Vermont Democrats congregated in the Adirondack Ballroom in Burlington’s  Hilton Hotel to watch as election results trickled in the evening Nov. 8.

“We did it the ‘Vermont way,’” Vermont Attorney General TJ Donovan said. “This is an exciting time to be a Vermonter.”

The audience responded with enthusiastic cheers and applause.

Donovan was among the victorious Democrats at the event.  

Each candidate said the community must remain focused and stay together, regardless of the outcome of the elections.

As the night unfolded, tension among voters rose.

“Trump is a threat to women [and] minorities,” junior Erin Hall said. ‘A vote for Trump is a threat to all of my civil liberties.”

The reality of this, however, and the corresponding effects that would follow if Trump were elected are largely due to the lack of voter participation on the Democratic side, Franklin County resident Sylvia Williams said.

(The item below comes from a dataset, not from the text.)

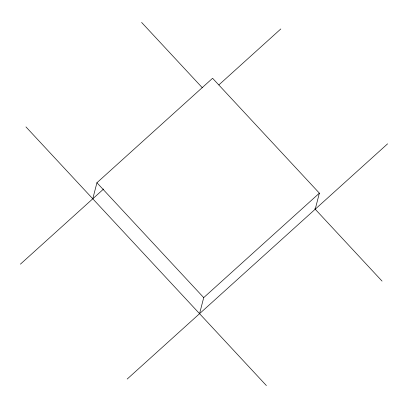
<?xml version="1.0" encoding="UTF-8"?>
<svg xmlns="http://www.w3.org/2000/svg" width="408" height="408" viewBox="0 0 408 408"><rect width="100%" height="100%" fill="white"/><g stroke="black" fill="none" stroke-linecap="round" stroke-linejoin="round"><path stroke-width="0.61" d="M92.779 198.793L96.931 182.743L212.588 78.275L319.372 193.157L315.221 209.207M199.563 313.675L203.714 297.621L319.372 193.157M20.4 264.17L103.637 188.986M218.902 84.874L280.816 28.948M127.184 379.052L387.6 143.83M141.612 22.43L202.368 87.797M314.777 208.733L382.046 281.102M96.931 182.743L203.714 297.621M25.954 126.898L266.388 385.57"/></g></svg>

Due to their love for Sen. Bernie Sanders, many people chose not to participate in the election, Williams said. Though she described herself as a once avid Sanders supporter, Williams said she still supported Clinton — even though she was not her first choice—knowing everything that is “at stake.”

Among the college students and adults at the event, 13-year-old Adam Frantz was also there, and said he was lukewarm about supporting Clinton.

“She’s not Trump,” Frantz said, explaining why he supports the democratic candidate.

If Trump were to be elected,  “bad things” will follow, but that no one can be entirely sure of what will follow, until it actually happens, he said.

As polls closed and results came in, winners and losers of the Democratic Party stood to accept the decision of the people.

Patrick Leahy

Sen. Patrick Leahy cruised to an easy victory in the senatorial election, as many polls had predicted.

Leahy offered his perspective on the 2016 election, explaining that his frustrations exist predominantly over Donald Trump’s negative campaign rhetoric, which has given way to an “anti-people” sentiment within the minds of Americans.

“This sentiment falsely represents Americans’ frustrations,” Leahy said. ”It places them on groups of people and ideologies that shouldn’t be subjected to this targeting.”

Sue Minter

Shortly after Condos’ remarks about the electoral process, it was announced that Sue Minter would be taking the stage to deliver her concession speech — Republican Phil Scott won the governor’s race.

As Minter entered the room, she danced to “Say Hey (I Love You)” by Michael Franti & Spearhead, shaking hands and hugging people while making her way to the stage.

Minter’s positivity, despite the loss, caught on, and soon the audience joined her in singing and dancing.

By the time she reached  the stage, Minter  and her family — as well as everyone in the crowd — continued to sing and dance up until the song concluded.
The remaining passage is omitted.